▶ **Task**
Which lines run from the one containing "(5.08, 11), align=None)" to the end of the entries below? Retype exactly those, both ends included.

▶ **Input data**

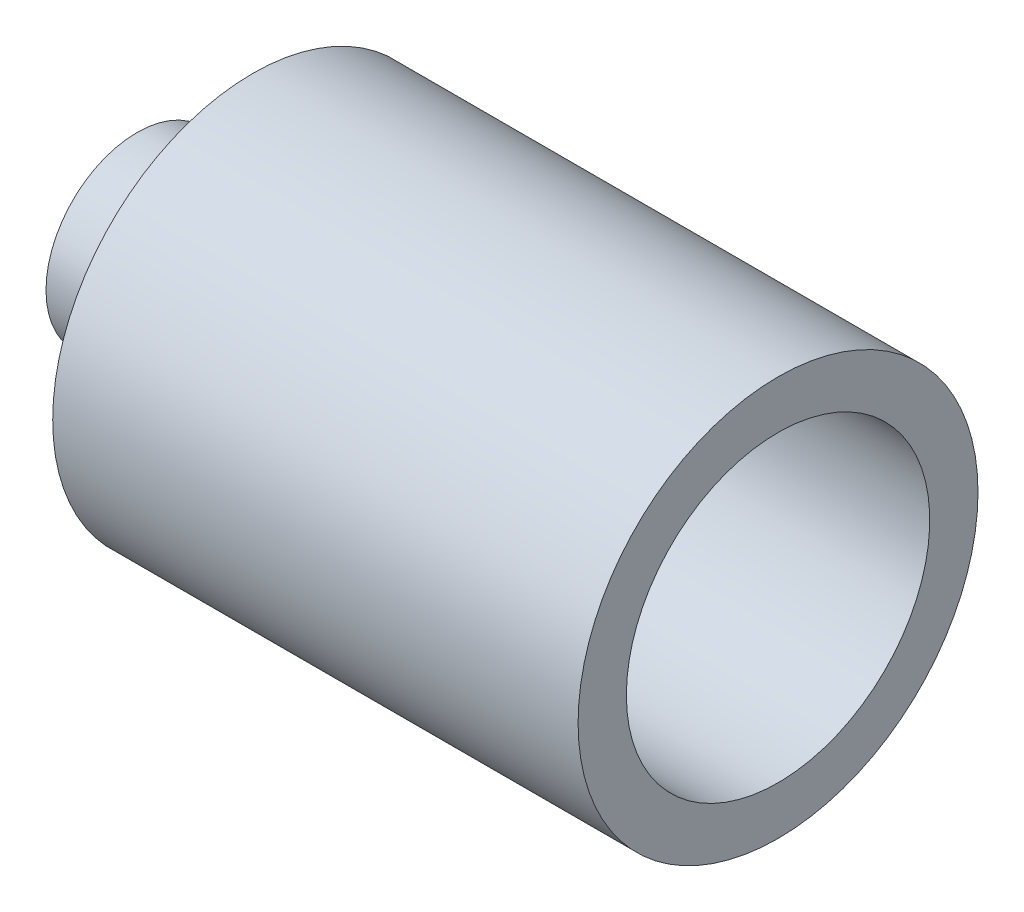
from build123d import *


with BuildPart() as part:
    # Sketch1 → Revolve1 (revolve)
    with BuildSketch(Plane.XY):
        Polygon((38.1, 11), (38.1, 14.5), (0, 14.5), (0, 6.604), (-8.382, 6.604), (-8.382, 3.429), (5.08, 3.429), (5.08, 11), align=None)
    revolve(axis=Axis((0, 0, 0), (1, 0, 0)))


solid = part.part

▶ **Result for this task**
        Polygon((38.1, 11), (38.1, 14.5), (0, 14.5), (0, 6.604), (-8.382, 6.604), (-8.382, 3.429), (5.08, 3.429), (5.08, 11), align=None)
    revolve(axis=Axis((0, 0, 0), (1, 0, 0)))


solid = part.part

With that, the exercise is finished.